Experience Design Consultant Laura Keller has an interesting column over on uxmatters. Drawing a comparison between the medical field and user experience design, Keller walks through an argument similar to those I’ve heard relevant to education in recent years.
In the ed sector, the argument is more about an approach to patient care as it could influence teacher practice. If, like doctors, teachers were to build a profile of practice that relies on a set of symptoms (indicators of learning), they would be able to design a treatment (teaching) that leads to improved health (learning). Such is the usual comparison of teaching and medical practice.
This, however, isn’t the overlap Keller is seeking to establish between experience design and medicine. Instead, she asks readers to play along with the following thought experiment:
Doctors and staff come in to see you and go out. They’re polite, but answer your questions curtly, and you don’t know exactly what’s going on. You wonder, What is wrong with me? What are they testing for? Will I be okay? When will I go home? When they discharge you and you’re ready to leave, the staff finally give you your diagnosis, along with written instructions explaining what you need to do. As the hospital staff proceed to treat other patients, they leave you to figure it out on your own, and you head home.
Keller, points out that this would (or at least should) be an inappropriate exchange that perhaps solves the problem in the short term, but opens the foor to a repeat development and does nothing to empower patients to own their own health and wellness.
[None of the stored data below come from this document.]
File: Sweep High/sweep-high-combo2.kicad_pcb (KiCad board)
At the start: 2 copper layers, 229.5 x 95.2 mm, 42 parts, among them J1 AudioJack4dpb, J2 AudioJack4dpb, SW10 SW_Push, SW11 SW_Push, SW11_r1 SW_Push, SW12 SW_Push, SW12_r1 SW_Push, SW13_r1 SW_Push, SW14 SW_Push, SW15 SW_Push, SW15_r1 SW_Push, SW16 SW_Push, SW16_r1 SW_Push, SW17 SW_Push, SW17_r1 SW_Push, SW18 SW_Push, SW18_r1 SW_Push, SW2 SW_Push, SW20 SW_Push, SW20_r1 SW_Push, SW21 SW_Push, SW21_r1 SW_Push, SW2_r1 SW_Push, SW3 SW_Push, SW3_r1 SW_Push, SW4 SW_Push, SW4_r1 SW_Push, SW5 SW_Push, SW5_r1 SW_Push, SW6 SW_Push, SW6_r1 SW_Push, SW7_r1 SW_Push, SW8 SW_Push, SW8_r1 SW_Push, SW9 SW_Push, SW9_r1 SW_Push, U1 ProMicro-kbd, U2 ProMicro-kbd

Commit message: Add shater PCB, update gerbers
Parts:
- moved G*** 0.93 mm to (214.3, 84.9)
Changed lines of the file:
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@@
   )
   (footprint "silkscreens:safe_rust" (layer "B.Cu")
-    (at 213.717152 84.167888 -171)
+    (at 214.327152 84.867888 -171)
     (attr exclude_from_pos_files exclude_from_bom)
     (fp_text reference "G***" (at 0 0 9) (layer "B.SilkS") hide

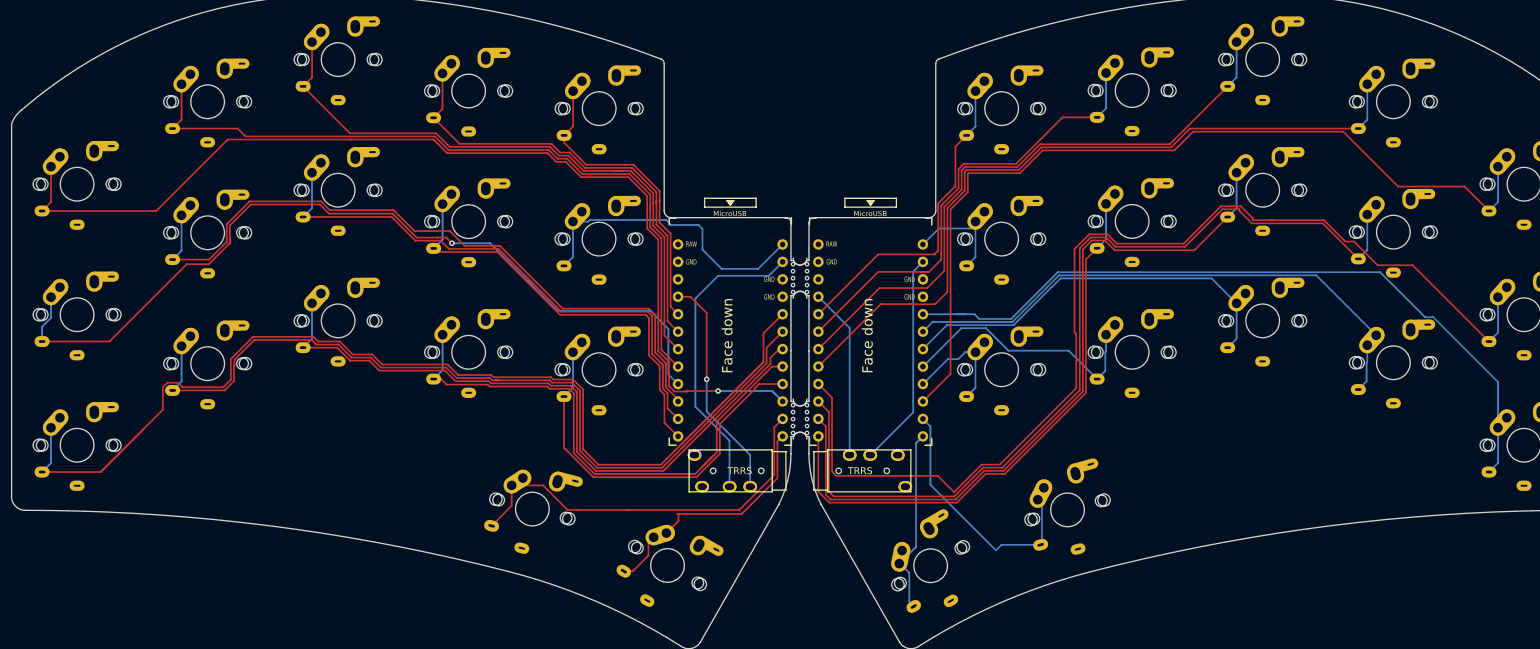
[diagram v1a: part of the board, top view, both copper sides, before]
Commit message: Add splinter pcb
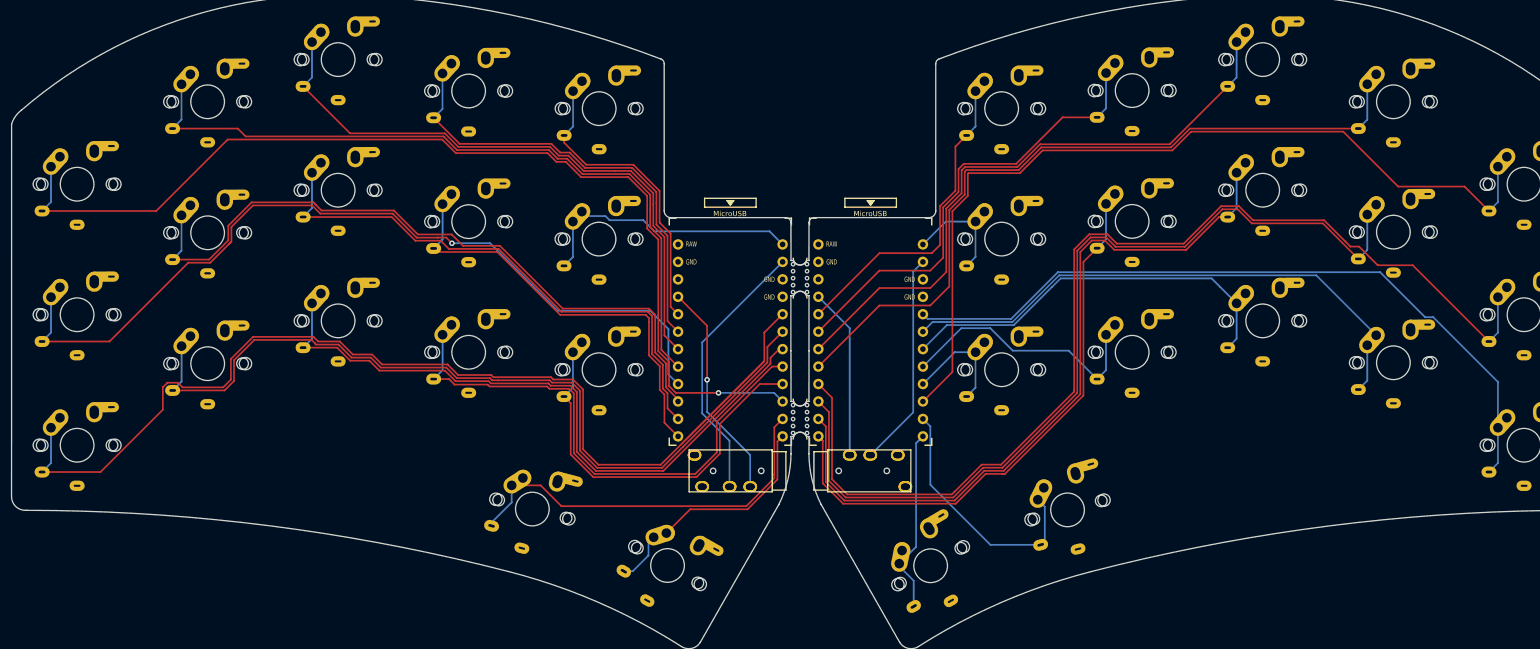
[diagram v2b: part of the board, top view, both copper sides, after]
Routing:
- net Switch11: track 178.4 -> 168.4 mm
- net Switch10: track 43.8 -> 38.2 mm
- net Switch18: track 44.4 -> 39.2 mm
- net Switch14: track 80.0 -> 77.7 mm
- net Switch6: track 125.8 -> 123.8 mm
- net Switch3: track 89.9 -> 88.6 mm
- net Switch11_r: track 108.4 -> 107.1 mm
- net Switch1: track 150.4 -> 149.2 mm
- net vcc: track 58.0 -> 56.9 mm
- net Switch8_r: track 107.6 -> 106.6 mm
- net Switch7_r: track 131.8 -> 130.9 mm
- net Switch9_r: track 83.3 -> 82.4 mm
- net gnd: track 0.75 -> 0.00 mm
- net Switch17: track 34.2 -> 33.5 mm
- net Switch16: track 58.2 -> 57.5 mm
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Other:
- board text removed: "Face down"

She points to three possible approaches to improving client and consultant relationships:
- Client as team member
- Client as student
- Client as colleague
Ironically, Keller wraps her argument in a need for greater education of both patients and clients in working toward the improvement of these relationships.
When we do school we think about teaching and learning, but we rarely think of educating our students as to what we are doing, why we are making the choices we are making, or helping them to learn to make choices on their own.
If anything, we will talk about data or explain our actions as preparing students for the next grade or school level or the more-distant-still work world.
While it might seem these reasons, this well-leveraged use of data, align with Keller’s suggested approaches, they do not.
Educating students in my English classroom toward building relations as team members, students, or colleagues meant walking through the choices I was making and hoping to help them make as readers, writers, speakers, and listeners.
It meant working with them as students of communication, letters, stories, and understanding. It did not mean working with them as students of studenthood. Saying things like, “You’re going to need this next year,” or having “data chats” with kids eliminates any last vestiges of the real world lingering in neo-modern classrooms.
I approach teaching English as a writer, reader, and thinker. While it took several years to choke back the teacher voice I thought I was supposed to have, I was eventually able to respond to students as a fellow writer, and talk to them about books as a fellow reader. When we discussed current events or the big ideas of life, it was as fellow travelers on the path to thinking more deeply.
While all of this is wrapped within my experience within a given discipline, it was also how I saw my colleagues in science, history, etc. approaching their practice as well.
There is overlap between education and the medical field. While a portion of it may lie within the role of diagnostician, the bigger, more exciting, more important portion lies in helping to be curious explainers of the world in which we live and through which we move.